И я выпила. И мы еще сидели, прижавшись друг к другу.

– Ладно тебе, не обижайся. В сущности, мы обе одиночки. Каждая по-своему. Но пока руки-ноги есть, надо радоваться жизни.

– Я радуюсь, – ответила я и как-то неловко ее поцеловала.

Она смотрела мне в спину, пока я поворачивала ключ в дверях. Уже войдя к себе, я поняла этот удивительно пронзительный взгляд, будто она проникла в меня и теперь стоит непосредственно перед моим сердцем, а оно, оказывается, немаленькое, и бьется шумно, но внутри него – ничего, кроме мощных качающих кровь сосудов. Я подумала, что никогда не разглядывала себя изнутри, человеческую машину, в которой где-то – где? где? – живет или не живет, а тоже крутит свои колесики душа.

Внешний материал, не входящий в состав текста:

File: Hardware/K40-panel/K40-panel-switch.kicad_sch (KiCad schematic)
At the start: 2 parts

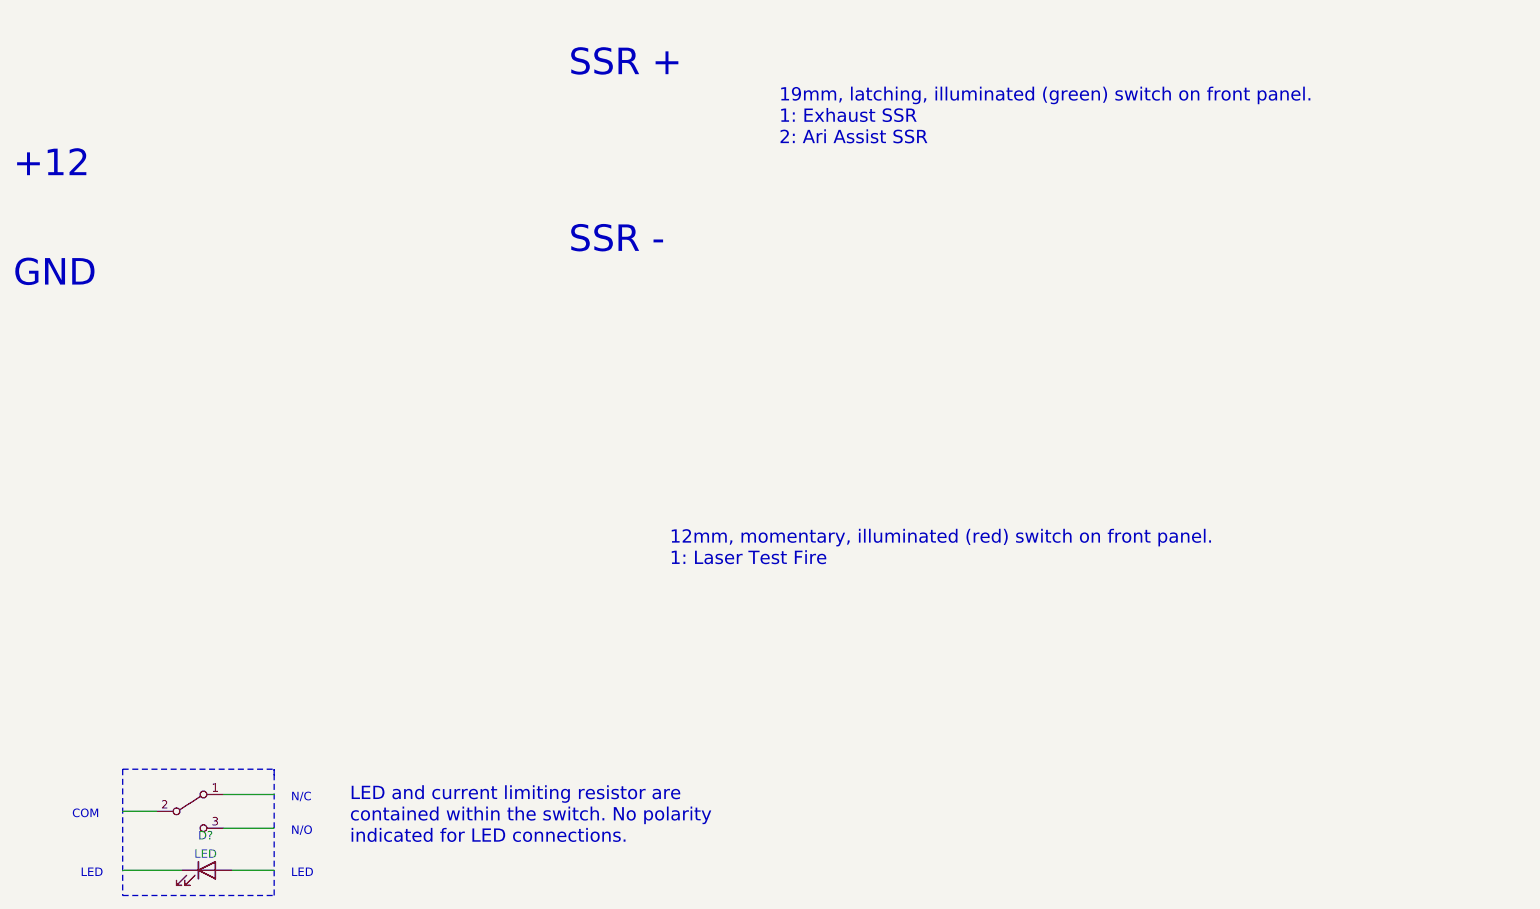
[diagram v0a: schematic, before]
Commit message: Changes to be committed: 	new file:   K40-panel/K40-panel-switch.kicad_sch 	modified:   K40-panel/K40-panel.kicad_sch 	modified:   K40-panel/switch.kicad_sch Renamed to K40-panel-switch.kicad_sch 	modified:   K40-power/K40-power.kicad_prl 	modified:   K40-power/K40-power.kicad_sch Updated symbols, added notes about auxillary power supply
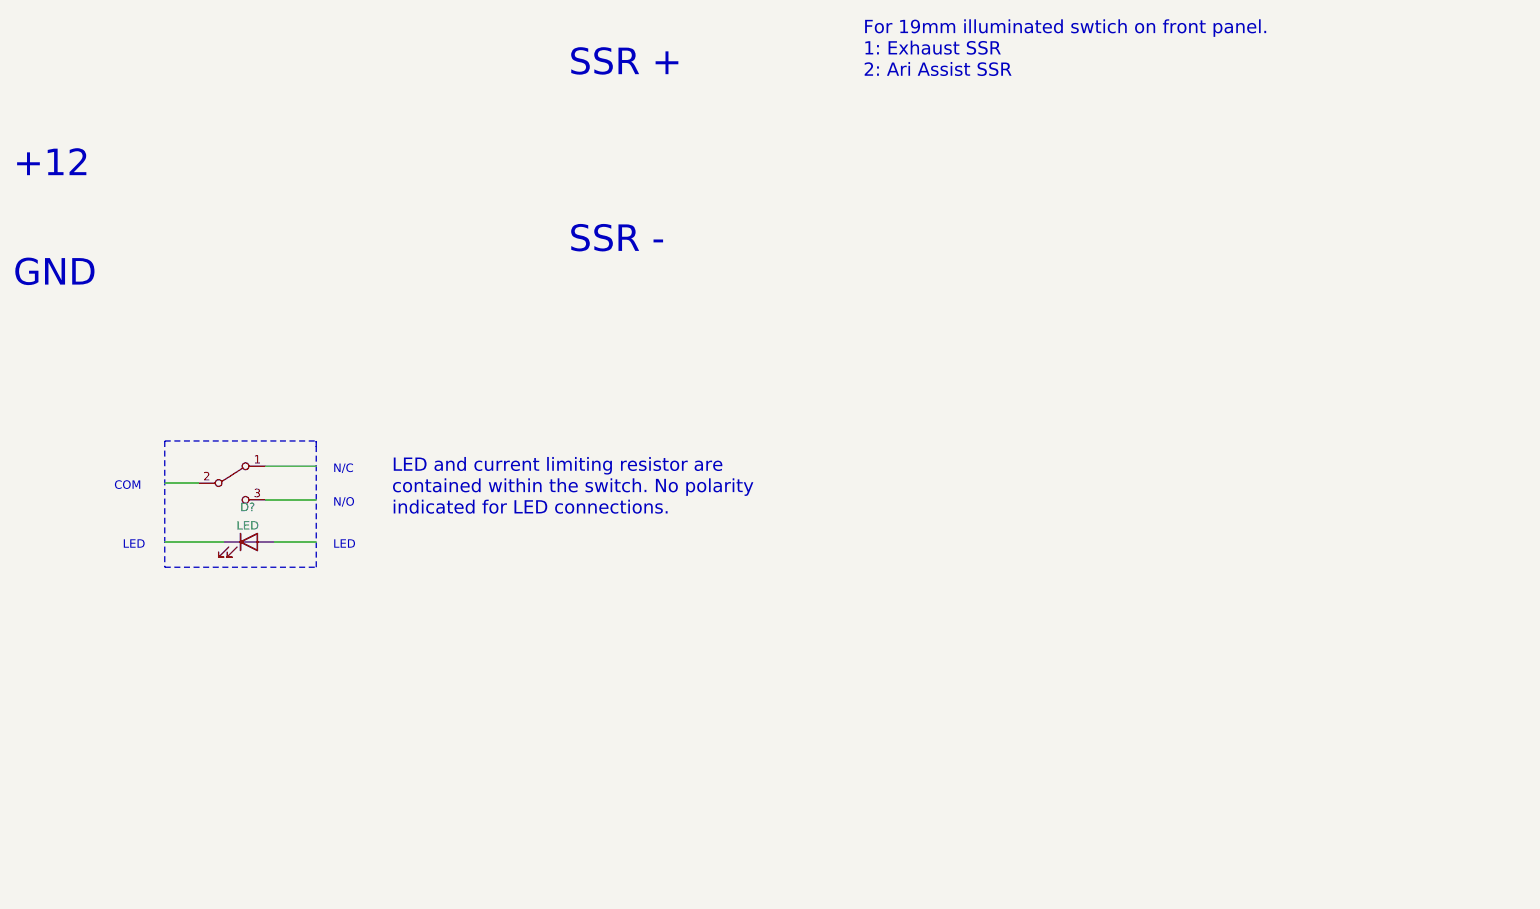
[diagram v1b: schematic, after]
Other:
- note added: "For 19mm illuminated swtich on front panel. 1: Exhaust SSR 2: Ari Assist SSR"
- note removed: "12mm, momentary, illuminated (red) switch on front panel. 1: Laser Test Fire"
- note removed: "19mm, latching, illuminated (green) switch on front panel. 1: Exhaust SSR 2: Ari Assist SSR"
- moved on the sheet: D?

Вот какую дурь я впустила в себя с этим взглядом своей соседки. А потом я разозлилась, потому что ни у кого нет права лезть другому в душу. Это наша русская манера – сочувствовать, влезая в другого глазами и пальцами. А может, это то самое, что называется дойти до сути? И обнаружить, что суть – просто упругий мешок с кровью, и не более того. И нет в нем ни любви, ни счастья, просто мешок.